Work order >> Of the records that follow, copy only the lines from the line containing "#138=ORIENTED_EDGE('',*,*,#137,.F.);" to the line containing "#178=ORIENTED_EDGE('',*,*,#177,.F.);", both included, exactly as written.

*** Opening Supplied information ***

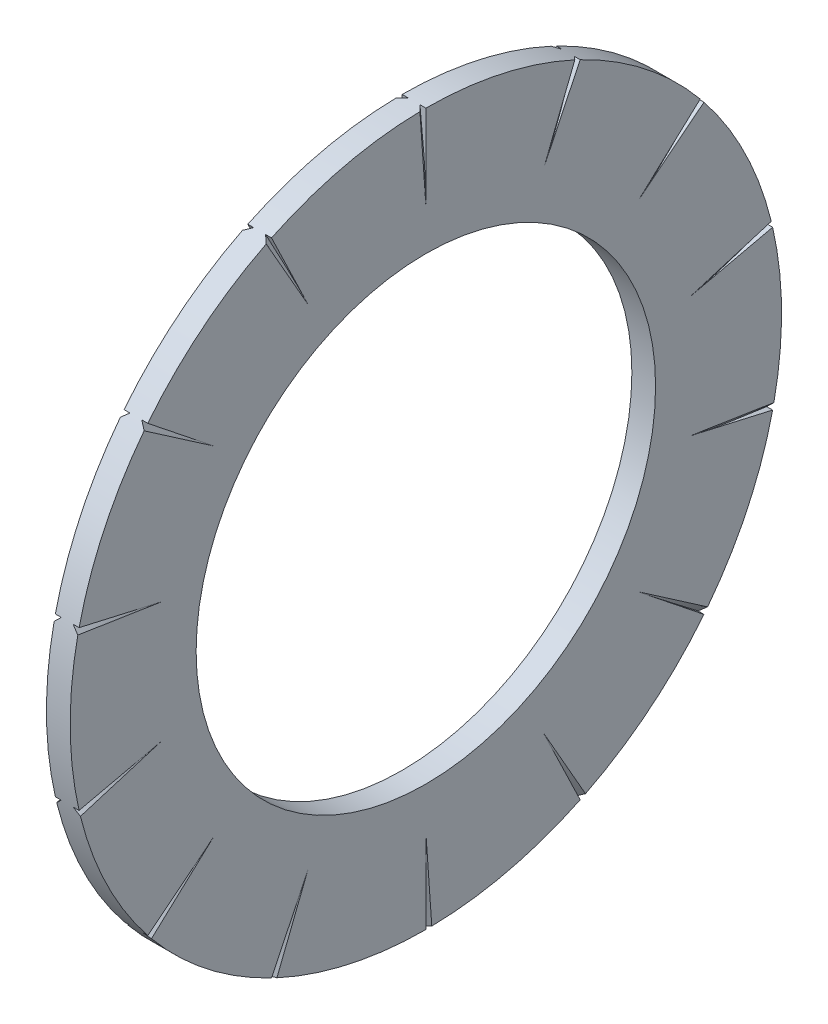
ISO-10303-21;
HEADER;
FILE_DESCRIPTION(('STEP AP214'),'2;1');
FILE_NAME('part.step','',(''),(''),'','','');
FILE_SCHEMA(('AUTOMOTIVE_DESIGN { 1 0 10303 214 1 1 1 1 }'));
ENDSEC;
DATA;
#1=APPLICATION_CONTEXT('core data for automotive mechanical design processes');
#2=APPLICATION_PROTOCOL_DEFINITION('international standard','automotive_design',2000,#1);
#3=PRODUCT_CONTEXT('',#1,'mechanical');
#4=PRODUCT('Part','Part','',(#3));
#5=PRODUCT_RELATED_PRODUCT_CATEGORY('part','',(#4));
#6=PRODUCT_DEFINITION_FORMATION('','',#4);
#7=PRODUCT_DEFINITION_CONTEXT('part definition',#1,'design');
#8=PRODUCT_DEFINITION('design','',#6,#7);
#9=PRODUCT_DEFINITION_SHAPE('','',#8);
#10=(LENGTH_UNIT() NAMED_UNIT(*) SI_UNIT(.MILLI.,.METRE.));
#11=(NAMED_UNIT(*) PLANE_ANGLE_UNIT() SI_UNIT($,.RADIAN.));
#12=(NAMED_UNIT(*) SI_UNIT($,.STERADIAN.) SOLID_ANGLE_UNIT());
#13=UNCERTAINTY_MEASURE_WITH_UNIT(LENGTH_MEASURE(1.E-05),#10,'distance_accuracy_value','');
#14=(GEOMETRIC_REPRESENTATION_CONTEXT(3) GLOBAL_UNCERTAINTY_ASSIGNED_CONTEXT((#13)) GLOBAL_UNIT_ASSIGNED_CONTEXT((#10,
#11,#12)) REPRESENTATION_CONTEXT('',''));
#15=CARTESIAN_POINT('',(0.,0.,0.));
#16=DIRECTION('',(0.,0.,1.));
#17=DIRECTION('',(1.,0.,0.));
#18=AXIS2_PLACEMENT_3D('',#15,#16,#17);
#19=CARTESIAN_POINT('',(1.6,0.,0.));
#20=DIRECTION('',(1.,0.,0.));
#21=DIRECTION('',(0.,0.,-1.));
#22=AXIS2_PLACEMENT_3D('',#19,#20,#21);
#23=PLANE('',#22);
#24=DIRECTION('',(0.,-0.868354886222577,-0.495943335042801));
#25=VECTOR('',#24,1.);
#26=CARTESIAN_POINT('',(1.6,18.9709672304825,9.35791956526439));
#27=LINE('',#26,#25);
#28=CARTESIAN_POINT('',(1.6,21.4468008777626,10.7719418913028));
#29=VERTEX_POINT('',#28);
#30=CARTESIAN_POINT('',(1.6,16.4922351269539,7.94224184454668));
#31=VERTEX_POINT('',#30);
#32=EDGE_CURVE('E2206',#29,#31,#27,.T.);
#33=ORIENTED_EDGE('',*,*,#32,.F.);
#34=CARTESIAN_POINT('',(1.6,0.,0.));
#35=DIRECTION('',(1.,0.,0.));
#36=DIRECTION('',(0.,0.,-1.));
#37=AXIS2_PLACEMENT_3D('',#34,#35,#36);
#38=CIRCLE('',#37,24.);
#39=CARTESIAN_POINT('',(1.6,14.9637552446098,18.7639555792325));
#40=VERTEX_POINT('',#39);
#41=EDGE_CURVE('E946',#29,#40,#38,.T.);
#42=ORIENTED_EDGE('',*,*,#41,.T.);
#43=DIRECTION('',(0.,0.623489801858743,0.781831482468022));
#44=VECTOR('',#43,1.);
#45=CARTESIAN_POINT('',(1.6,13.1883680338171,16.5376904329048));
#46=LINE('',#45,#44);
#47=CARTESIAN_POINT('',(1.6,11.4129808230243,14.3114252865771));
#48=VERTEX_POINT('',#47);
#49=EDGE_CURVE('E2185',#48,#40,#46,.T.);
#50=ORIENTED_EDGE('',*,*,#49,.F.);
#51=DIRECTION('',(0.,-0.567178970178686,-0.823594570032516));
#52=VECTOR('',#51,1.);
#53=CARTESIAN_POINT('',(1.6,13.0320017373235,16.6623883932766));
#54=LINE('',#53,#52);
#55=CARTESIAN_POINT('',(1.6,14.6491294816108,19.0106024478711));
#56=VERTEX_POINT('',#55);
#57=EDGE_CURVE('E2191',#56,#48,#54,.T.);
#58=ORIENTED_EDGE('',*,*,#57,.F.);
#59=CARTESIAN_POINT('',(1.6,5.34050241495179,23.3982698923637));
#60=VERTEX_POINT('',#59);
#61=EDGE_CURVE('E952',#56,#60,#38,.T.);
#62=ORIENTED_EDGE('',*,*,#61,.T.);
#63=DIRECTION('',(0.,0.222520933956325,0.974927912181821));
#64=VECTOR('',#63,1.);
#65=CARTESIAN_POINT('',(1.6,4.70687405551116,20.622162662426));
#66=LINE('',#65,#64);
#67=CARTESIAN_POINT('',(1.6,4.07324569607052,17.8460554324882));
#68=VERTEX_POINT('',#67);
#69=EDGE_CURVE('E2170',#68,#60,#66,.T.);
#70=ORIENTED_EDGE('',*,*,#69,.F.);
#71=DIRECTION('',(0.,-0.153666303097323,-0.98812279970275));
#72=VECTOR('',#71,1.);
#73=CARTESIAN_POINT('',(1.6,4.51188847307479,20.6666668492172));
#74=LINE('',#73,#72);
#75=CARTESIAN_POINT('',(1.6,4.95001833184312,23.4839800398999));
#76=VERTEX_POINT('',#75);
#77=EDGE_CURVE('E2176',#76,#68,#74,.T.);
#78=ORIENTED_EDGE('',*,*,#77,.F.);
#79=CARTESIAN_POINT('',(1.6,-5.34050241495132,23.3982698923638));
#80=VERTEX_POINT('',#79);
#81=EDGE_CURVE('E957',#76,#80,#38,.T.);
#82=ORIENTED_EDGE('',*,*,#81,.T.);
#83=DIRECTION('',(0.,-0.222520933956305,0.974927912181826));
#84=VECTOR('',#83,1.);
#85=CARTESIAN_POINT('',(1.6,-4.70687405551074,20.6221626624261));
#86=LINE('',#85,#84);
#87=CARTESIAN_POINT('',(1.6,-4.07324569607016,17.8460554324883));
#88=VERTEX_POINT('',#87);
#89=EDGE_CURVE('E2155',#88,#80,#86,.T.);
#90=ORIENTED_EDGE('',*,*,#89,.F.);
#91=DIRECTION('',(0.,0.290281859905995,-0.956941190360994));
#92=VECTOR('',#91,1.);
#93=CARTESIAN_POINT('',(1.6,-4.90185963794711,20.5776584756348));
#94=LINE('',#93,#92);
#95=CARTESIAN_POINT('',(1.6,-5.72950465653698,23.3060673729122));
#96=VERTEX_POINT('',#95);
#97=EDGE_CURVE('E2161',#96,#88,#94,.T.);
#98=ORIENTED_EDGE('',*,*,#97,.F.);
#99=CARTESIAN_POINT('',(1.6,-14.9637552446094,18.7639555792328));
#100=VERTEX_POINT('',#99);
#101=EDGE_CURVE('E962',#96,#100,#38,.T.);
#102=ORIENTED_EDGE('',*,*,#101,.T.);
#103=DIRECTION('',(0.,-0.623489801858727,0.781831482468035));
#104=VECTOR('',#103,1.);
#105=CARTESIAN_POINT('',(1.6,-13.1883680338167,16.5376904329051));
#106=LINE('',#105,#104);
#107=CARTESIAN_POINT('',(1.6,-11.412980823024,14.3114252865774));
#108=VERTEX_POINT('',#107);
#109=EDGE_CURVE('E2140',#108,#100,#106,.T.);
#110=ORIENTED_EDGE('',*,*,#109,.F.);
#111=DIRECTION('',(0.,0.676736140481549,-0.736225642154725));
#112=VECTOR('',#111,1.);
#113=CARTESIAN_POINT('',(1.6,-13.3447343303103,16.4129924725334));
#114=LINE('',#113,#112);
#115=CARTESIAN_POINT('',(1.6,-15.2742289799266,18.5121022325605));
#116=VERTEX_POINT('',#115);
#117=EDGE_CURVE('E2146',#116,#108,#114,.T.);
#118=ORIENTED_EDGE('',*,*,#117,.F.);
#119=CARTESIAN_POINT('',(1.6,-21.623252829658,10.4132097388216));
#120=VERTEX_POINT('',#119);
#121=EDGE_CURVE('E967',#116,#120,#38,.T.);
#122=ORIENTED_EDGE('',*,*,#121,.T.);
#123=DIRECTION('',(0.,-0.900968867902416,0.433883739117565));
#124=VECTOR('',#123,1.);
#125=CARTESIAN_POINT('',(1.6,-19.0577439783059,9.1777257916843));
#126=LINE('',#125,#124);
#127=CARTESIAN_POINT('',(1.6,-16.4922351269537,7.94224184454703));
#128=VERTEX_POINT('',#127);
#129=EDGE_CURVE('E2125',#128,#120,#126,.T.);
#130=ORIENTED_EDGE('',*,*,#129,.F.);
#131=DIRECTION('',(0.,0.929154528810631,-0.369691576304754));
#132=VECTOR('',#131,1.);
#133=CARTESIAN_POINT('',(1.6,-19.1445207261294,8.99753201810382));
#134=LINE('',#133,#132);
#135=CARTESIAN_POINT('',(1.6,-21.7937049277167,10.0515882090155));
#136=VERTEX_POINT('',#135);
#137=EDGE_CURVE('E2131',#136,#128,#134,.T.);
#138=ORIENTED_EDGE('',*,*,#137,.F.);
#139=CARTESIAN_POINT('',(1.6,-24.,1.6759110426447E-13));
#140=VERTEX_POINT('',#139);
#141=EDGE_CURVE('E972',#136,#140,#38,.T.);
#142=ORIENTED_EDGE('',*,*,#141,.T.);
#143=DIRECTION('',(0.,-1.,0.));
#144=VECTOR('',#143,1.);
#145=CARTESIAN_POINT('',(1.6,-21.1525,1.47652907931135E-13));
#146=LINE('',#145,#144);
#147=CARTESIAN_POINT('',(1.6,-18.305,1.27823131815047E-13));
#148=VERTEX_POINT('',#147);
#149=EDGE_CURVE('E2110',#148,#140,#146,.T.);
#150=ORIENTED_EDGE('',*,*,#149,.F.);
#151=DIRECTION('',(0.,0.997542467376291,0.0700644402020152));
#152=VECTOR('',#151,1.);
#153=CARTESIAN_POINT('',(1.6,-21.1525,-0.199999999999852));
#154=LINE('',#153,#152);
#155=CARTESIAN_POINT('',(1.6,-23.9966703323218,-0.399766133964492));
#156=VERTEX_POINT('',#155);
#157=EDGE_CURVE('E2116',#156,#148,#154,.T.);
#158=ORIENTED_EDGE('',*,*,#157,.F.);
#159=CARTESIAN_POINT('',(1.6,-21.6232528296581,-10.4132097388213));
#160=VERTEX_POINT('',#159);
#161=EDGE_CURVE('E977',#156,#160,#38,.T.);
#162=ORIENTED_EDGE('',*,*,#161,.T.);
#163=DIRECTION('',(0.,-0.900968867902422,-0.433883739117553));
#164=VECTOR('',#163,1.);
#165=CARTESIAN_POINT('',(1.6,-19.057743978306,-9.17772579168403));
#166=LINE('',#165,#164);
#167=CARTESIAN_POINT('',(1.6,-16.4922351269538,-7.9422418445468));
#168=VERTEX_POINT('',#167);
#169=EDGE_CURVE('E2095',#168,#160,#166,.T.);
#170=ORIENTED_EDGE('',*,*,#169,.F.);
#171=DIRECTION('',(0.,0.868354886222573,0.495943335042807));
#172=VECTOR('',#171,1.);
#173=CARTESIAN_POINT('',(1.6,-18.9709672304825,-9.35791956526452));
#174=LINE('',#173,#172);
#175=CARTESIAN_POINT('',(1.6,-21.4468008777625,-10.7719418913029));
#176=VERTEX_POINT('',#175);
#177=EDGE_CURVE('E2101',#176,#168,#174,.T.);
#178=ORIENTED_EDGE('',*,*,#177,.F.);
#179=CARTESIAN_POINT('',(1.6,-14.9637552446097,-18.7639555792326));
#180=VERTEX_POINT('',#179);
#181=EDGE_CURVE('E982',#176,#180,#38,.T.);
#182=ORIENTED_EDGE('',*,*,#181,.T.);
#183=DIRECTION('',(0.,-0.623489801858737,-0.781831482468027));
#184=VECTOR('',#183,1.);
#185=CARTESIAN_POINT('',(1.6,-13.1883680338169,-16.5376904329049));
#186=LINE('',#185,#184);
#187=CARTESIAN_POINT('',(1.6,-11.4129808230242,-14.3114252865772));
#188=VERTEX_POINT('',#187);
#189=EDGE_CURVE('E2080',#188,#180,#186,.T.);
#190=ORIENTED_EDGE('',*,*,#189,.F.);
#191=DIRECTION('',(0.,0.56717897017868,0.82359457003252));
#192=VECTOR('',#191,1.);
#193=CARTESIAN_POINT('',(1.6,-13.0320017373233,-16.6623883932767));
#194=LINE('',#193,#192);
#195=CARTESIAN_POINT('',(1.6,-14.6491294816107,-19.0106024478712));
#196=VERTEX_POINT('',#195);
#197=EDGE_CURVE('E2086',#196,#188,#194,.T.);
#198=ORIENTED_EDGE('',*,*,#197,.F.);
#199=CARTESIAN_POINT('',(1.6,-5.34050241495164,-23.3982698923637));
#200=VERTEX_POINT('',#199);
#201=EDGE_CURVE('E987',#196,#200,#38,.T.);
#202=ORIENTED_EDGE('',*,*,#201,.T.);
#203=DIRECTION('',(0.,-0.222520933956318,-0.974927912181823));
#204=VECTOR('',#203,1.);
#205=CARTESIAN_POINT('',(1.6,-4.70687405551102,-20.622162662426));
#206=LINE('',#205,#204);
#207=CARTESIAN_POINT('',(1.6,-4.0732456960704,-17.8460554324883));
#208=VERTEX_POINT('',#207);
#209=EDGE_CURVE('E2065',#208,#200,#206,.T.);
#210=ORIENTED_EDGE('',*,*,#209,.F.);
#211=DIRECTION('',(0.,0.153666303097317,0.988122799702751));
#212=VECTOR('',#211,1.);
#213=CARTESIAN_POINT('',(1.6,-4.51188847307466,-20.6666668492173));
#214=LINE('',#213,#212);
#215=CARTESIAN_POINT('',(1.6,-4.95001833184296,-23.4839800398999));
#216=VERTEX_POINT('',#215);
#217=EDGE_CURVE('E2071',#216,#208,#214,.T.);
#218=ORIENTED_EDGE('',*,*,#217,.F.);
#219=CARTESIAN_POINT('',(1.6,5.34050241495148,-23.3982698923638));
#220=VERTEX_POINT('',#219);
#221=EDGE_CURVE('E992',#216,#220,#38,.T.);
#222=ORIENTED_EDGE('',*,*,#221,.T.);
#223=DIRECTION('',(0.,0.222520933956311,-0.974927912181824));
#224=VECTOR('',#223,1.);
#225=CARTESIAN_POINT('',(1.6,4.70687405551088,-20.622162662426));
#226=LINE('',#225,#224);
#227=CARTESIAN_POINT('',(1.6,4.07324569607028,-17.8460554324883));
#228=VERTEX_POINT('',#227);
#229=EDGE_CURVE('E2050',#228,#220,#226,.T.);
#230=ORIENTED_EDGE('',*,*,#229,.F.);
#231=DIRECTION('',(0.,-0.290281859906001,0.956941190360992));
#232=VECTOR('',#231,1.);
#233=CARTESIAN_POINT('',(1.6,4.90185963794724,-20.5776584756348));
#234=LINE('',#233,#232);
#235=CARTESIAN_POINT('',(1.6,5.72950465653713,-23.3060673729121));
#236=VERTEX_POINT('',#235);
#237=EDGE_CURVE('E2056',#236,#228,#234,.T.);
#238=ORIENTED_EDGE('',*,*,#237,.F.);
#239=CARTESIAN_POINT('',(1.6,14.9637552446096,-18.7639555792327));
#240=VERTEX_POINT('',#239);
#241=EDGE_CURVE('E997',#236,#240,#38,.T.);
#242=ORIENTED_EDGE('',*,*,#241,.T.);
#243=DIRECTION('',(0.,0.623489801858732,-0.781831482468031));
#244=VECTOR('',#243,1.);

*** Closing Supplied information ***

Exercise result >>
#138=ORIENTED_EDGE('',*,*,#137,.F.);
#139=CARTESIAN_POINT('',(1.6,-24.,1.6759110426447E-13));
#140=VERTEX_POINT('',#139);
#141=EDGE_CURVE('E972',#136,#140,#38,.T.);
#142=ORIENTED_EDGE('',*,*,#141,.T.);
#143=DIRECTION('',(0.,-1.,0.));
#144=VECTOR('',#143,1.);
#145=CARTESIAN_POINT('',(1.6,-21.1525,1.47652907931135E-13));
#146=LINE('',#145,#144);
#147=CARTESIAN_POINT('',(1.6,-18.305,1.27823131815047E-13));
#148=VERTEX_POINT('',#147);
#149=EDGE_CURVE('E2110',#148,#140,#146,.T.);
#150=ORIENTED_EDGE('',*,*,#149,.F.);
#151=DIRECTION('',(0.,0.997542467376291,0.0700644402020152));
#152=VECTOR('',#151,1.);
#153=CARTESIAN_POINT('',(1.6,-21.1525,-0.199999999999852));
#154=LINE('',#153,#152);
#155=CARTESIAN_POINT('',(1.6,-23.9966703323218,-0.399766133964492));
#156=VERTEX_POINT('',#155);
#157=EDGE_CURVE('E2116',#156,#148,#154,.T.);
#158=ORIENTED_EDGE('',*,*,#157,.F.);
#159=CARTESIAN_POINT('',(1.6,-21.6232528296581,-10.4132097388213));
#160=VERTEX_POINT('',#159);
#161=EDGE_CURVE('E977',#156,#160,#38,.T.);
#162=ORIENTED_EDGE('',*,*,#161,.T.);
#163=DIRECTION('',(0.,-0.900968867902422,-0.433883739117553));
#164=VECTOR('',#163,1.);
#165=CARTESIAN_POINT('',(1.6,-19.057743978306,-9.17772579168403));
#166=LINE('',#165,#164);
#167=CARTESIAN_POINT('',(1.6,-16.4922351269538,-7.9422418445468));
#168=VERTEX_POINT('',#167);
#169=EDGE_CURVE('E2095',#168,#160,#166,.T.);
#170=ORIENTED_EDGE('',*,*,#169,.F.);
#171=DIRECTION('',(0.,0.868354886222573,0.495943335042807));
#172=VECTOR('',#171,1.);
#173=CARTESIAN_POINT('',(1.6,-18.9709672304825,-9.35791956526452));
#174=LINE('',#173,#172);
#175=CARTESIAN_POINT('',(1.6,-21.4468008777625,-10.7719418913029));
#176=VERTEX_POINT('',#175);
#177=EDGE_CURVE('E2101',#176,#168,#174,.T.);
#178=ORIENTED_EDGE('',*,*,#177,.F.);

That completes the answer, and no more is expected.